**EXERCISE:** Using the material that follows, output exactly the lines from the one containing "alike) : nesl_utility/PS-Simulink" through the one containing "tuvar = sigbuilder_block('maskInit'); end", with both ends kept.

━━━━

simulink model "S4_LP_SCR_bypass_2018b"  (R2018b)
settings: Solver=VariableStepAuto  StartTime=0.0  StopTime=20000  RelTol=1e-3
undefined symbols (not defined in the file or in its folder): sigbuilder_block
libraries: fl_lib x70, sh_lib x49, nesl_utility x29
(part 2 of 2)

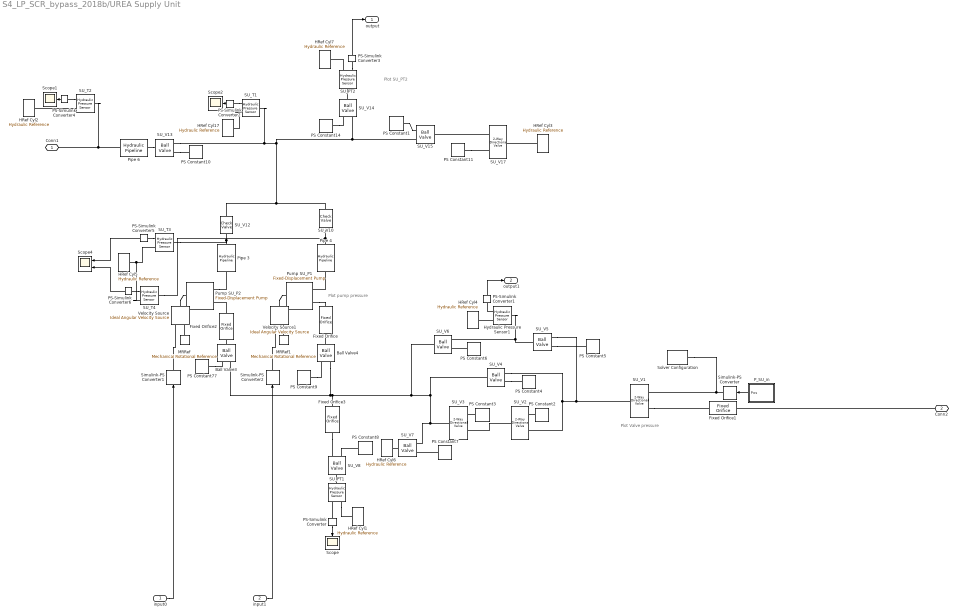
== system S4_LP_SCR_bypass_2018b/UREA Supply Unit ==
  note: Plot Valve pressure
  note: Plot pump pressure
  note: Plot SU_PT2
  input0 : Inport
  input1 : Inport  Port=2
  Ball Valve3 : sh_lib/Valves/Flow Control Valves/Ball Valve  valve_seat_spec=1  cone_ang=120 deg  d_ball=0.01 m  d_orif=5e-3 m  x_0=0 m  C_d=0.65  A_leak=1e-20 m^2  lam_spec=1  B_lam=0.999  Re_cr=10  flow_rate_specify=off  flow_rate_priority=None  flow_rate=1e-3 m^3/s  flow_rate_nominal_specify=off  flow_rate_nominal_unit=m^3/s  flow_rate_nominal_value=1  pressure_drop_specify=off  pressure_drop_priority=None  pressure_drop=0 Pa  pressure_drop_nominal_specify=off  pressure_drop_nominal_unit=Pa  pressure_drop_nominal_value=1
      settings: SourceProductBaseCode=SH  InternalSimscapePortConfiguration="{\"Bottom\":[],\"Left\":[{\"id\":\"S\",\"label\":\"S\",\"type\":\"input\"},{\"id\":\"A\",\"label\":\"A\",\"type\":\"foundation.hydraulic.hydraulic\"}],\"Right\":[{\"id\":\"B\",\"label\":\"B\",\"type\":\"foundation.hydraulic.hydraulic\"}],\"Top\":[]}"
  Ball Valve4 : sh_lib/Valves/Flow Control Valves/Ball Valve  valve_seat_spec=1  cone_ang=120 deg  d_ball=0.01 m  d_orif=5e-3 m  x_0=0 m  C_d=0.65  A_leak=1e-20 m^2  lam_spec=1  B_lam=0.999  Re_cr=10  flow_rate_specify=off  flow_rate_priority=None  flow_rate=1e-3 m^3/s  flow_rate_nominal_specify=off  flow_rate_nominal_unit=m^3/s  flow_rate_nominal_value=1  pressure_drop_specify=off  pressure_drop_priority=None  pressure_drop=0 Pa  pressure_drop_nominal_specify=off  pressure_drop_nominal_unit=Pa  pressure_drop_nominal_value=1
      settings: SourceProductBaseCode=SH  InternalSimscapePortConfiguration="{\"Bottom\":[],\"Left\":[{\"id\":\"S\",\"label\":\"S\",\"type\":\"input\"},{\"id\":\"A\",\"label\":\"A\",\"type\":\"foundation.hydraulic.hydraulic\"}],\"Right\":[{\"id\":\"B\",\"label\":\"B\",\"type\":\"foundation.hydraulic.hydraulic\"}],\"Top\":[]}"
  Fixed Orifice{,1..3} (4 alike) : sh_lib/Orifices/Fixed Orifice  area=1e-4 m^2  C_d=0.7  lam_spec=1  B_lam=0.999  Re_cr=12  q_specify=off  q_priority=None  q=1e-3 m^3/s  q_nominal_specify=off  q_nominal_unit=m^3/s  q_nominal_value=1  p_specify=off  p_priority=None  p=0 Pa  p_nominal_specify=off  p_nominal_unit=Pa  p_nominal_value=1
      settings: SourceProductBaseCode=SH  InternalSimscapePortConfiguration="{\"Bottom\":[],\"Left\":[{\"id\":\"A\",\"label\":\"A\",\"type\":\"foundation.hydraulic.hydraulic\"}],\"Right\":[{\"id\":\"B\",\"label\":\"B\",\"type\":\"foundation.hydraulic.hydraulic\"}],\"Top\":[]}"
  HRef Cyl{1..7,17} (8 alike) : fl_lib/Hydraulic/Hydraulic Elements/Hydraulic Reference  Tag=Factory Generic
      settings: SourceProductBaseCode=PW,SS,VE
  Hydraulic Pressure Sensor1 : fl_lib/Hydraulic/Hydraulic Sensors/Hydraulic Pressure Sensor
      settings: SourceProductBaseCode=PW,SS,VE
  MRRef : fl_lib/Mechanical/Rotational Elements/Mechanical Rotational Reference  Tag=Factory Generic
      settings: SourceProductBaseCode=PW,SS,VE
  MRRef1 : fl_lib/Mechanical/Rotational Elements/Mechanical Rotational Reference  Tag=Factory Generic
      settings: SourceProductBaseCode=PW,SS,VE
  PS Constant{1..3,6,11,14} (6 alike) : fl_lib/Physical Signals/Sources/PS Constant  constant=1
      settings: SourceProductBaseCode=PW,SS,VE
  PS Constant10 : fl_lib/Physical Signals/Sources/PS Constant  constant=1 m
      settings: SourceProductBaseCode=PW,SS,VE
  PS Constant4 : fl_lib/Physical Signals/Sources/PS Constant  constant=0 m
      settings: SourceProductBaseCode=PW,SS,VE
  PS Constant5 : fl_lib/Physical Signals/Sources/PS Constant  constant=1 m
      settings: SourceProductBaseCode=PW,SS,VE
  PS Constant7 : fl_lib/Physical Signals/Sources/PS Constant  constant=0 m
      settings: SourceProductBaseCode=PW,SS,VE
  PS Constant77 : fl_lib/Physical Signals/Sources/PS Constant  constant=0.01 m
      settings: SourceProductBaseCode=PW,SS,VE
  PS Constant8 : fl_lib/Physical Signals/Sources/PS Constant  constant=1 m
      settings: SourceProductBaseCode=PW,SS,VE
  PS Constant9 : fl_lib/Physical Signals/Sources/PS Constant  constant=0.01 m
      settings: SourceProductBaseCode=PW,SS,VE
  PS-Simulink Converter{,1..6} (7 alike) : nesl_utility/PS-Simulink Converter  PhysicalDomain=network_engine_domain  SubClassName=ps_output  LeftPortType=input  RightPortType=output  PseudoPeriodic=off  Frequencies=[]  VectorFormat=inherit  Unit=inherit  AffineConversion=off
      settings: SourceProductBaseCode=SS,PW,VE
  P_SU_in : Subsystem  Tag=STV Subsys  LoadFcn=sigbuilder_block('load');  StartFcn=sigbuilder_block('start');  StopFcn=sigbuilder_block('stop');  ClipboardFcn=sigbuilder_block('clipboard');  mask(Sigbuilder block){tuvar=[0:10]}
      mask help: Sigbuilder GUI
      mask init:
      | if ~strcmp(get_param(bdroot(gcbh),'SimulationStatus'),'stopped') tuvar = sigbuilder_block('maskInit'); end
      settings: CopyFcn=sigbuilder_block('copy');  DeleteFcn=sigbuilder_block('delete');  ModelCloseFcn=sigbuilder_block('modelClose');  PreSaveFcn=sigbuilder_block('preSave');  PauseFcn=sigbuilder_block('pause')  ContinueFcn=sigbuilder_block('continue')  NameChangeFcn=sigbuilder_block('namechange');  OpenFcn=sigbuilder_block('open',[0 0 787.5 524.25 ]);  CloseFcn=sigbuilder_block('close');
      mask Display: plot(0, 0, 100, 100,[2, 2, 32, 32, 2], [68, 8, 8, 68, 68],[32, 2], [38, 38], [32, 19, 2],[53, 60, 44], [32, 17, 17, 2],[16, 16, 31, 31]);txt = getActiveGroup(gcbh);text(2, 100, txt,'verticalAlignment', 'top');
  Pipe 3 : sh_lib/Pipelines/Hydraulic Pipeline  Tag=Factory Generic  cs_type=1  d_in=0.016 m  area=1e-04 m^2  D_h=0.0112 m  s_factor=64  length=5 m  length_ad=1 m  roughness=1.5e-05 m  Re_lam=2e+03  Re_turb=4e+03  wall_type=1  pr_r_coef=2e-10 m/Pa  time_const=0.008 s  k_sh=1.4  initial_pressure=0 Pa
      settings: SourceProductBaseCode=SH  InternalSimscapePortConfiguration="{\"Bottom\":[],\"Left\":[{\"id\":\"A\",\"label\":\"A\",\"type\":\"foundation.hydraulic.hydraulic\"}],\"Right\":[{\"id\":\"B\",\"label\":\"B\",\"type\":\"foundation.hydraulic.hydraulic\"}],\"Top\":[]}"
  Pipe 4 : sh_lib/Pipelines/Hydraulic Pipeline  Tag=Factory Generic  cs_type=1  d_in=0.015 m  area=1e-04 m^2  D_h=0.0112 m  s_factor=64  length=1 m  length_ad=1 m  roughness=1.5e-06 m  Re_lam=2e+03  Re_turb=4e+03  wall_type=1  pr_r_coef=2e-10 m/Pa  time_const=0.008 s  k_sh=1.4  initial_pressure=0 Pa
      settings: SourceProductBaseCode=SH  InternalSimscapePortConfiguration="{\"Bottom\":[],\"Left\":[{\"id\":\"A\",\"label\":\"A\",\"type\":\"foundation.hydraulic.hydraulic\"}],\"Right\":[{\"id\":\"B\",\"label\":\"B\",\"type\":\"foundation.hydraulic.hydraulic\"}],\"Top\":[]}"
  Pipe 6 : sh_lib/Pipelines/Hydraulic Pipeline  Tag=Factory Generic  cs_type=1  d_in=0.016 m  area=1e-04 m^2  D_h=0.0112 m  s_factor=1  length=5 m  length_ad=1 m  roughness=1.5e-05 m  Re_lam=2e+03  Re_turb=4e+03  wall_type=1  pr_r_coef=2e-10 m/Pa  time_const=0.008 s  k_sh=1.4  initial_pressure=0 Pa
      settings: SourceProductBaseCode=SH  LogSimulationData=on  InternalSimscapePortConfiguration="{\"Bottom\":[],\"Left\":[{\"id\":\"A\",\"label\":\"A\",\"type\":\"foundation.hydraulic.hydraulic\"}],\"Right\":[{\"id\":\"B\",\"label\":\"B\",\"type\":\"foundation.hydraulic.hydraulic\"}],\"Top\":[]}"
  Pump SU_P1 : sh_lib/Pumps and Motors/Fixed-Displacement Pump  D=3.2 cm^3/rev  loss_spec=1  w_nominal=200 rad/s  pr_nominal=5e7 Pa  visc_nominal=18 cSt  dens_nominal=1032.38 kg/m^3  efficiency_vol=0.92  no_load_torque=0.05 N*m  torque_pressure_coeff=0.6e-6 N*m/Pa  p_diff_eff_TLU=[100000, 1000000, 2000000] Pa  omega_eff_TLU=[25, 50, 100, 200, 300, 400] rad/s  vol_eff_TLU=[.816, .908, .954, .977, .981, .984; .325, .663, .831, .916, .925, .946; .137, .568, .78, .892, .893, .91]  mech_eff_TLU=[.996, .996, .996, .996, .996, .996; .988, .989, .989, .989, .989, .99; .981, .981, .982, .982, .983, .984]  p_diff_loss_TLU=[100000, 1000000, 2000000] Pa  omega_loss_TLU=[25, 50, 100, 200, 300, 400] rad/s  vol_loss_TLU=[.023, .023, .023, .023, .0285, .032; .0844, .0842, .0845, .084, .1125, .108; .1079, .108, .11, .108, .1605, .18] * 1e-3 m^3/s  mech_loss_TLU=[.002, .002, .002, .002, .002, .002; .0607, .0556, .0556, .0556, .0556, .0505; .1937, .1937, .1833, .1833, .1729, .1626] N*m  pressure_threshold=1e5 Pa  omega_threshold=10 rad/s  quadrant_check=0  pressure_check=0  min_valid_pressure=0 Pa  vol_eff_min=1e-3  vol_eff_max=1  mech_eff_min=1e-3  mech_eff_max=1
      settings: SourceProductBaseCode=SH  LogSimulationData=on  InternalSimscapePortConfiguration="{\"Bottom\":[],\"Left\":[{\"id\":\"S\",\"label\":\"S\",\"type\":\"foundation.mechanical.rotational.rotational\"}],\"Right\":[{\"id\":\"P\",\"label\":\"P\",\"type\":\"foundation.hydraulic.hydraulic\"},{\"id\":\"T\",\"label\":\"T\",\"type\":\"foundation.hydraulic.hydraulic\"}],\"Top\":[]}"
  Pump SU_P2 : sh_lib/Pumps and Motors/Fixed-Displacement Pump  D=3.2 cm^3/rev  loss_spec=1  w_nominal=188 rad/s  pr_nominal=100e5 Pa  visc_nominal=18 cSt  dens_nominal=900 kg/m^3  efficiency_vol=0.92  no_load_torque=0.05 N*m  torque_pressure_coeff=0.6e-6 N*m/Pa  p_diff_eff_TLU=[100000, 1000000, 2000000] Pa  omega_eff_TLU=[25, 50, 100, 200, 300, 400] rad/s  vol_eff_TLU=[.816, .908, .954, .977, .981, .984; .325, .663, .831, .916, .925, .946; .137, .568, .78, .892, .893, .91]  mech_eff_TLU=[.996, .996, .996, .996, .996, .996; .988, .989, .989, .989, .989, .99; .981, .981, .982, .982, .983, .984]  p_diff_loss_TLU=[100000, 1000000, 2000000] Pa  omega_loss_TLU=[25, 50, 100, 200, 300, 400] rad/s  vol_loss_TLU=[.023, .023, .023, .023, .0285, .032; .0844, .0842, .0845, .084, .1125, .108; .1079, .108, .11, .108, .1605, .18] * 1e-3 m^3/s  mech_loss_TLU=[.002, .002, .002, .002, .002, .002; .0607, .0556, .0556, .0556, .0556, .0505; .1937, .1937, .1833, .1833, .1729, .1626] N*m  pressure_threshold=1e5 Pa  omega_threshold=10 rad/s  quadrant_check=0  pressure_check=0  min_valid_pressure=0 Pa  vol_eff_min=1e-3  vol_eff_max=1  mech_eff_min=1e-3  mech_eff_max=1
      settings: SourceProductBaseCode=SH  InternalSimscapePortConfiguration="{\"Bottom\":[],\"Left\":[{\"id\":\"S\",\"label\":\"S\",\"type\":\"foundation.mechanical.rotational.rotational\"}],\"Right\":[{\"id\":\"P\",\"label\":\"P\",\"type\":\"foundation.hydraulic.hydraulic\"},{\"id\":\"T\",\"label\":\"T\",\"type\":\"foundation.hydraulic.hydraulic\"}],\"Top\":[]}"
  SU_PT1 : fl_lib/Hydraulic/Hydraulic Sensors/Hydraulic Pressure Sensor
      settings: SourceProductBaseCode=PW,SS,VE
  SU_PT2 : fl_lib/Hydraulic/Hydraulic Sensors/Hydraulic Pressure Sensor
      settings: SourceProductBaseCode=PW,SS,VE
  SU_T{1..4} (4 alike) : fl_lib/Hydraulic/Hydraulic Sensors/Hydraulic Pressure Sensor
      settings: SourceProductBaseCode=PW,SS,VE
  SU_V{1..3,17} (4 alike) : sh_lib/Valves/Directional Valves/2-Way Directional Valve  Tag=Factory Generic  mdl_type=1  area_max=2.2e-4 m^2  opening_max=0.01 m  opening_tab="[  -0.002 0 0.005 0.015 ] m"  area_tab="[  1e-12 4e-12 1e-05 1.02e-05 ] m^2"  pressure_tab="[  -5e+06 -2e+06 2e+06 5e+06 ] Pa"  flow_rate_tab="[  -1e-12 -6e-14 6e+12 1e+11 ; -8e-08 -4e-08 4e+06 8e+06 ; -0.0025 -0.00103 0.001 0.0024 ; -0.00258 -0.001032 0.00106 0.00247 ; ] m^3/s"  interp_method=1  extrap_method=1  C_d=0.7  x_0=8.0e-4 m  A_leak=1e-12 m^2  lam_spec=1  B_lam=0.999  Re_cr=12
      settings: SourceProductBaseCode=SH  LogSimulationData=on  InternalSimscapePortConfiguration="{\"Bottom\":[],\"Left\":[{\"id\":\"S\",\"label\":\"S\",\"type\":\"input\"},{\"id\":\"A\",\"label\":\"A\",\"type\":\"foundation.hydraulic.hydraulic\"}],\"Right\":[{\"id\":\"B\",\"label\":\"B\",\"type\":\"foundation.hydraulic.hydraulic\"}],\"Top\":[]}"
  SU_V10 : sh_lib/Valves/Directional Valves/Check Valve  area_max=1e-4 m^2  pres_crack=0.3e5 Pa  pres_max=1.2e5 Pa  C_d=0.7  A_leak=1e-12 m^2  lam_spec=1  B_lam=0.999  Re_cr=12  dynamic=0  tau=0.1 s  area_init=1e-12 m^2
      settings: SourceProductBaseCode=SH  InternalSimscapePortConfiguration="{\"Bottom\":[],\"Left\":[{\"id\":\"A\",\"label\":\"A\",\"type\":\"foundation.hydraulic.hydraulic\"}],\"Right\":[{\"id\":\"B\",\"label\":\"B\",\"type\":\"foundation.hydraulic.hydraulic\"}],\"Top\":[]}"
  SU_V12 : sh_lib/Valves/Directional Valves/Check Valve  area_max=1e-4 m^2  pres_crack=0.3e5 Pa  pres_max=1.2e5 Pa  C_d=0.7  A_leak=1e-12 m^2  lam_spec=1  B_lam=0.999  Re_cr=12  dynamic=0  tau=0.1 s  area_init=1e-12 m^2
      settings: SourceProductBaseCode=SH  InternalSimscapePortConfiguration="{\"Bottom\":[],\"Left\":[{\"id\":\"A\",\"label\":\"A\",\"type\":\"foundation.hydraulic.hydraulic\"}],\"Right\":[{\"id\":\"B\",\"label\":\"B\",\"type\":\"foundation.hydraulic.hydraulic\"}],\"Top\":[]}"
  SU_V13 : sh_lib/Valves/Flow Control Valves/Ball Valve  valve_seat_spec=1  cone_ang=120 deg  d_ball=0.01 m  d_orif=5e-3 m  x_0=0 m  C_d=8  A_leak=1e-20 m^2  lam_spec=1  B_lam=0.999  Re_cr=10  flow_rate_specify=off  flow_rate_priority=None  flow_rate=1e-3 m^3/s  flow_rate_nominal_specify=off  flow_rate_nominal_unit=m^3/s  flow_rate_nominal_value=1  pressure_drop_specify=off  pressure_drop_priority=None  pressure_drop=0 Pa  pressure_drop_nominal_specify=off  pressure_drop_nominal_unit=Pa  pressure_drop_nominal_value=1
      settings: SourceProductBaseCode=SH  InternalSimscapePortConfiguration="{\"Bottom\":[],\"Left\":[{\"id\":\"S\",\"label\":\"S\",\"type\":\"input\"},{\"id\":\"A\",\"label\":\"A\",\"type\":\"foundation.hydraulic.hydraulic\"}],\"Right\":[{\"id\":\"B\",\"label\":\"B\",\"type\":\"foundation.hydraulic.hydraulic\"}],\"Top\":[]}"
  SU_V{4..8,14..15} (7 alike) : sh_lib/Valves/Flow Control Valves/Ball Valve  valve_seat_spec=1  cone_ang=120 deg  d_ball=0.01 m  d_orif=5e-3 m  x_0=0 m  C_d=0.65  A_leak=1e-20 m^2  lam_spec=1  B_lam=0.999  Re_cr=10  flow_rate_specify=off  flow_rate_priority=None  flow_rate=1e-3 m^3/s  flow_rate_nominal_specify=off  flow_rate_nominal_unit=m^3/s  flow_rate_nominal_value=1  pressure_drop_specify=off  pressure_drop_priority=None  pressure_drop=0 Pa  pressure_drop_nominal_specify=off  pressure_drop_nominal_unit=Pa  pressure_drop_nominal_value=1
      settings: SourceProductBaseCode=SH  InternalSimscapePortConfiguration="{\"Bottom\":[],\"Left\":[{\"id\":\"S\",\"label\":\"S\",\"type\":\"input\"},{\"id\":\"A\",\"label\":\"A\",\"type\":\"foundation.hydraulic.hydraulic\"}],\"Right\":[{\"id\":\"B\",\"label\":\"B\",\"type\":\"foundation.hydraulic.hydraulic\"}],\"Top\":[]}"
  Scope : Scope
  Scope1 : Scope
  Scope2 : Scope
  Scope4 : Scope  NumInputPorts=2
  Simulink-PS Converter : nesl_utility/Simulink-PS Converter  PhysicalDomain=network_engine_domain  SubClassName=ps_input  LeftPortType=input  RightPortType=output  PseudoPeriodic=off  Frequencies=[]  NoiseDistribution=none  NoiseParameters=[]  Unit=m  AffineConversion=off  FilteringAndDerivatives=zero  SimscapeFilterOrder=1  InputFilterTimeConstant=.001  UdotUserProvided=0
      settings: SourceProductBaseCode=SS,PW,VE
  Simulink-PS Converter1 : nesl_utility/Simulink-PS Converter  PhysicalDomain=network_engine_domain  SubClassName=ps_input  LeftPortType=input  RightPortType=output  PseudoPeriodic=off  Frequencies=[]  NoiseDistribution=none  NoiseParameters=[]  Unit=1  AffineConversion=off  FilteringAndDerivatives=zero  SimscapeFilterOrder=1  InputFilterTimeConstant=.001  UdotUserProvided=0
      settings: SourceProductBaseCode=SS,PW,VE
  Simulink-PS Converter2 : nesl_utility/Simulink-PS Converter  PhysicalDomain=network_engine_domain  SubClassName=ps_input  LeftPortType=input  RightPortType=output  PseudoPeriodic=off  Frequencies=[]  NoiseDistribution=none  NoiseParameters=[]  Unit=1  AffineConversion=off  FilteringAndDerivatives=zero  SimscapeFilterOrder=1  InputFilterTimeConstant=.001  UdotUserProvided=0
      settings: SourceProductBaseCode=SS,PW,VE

━━━━

**YOUR RESPONSE:**
  PS-Simulink Converter{,1..6} (7 alike) : nesl_utility/PS-Simulink Converter  PhysicalDomain=network_engine_domain  SubClassName=ps_output  LeftPortType=input  RightPortType=output  PseudoPeriodic=off  Frequencies=[]  VectorFormat=inherit  Unit=inherit  AffineConversion=off
      settings: SourceProductBaseCode=SS,PW,VE
  P_SU_in : Subsystem  Tag=STV Subsys  LoadFcn=sigbuilder_block('load');  StartFcn=sigbuilder_block('start');  StopFcn=sigbuilder_block('stop');  ClipboardFcn=sigbuilder_block('clipboard');  mask(Sigbuilder block){tuvar=[0:10]}
      mask help: Sigbuilder GUI
      mask init:
      | if ~strcmp(get_param(bdroot(gcbh),'SimulationStatus'),'stopped') tuvar = sigbuilder_block('maskInit'); end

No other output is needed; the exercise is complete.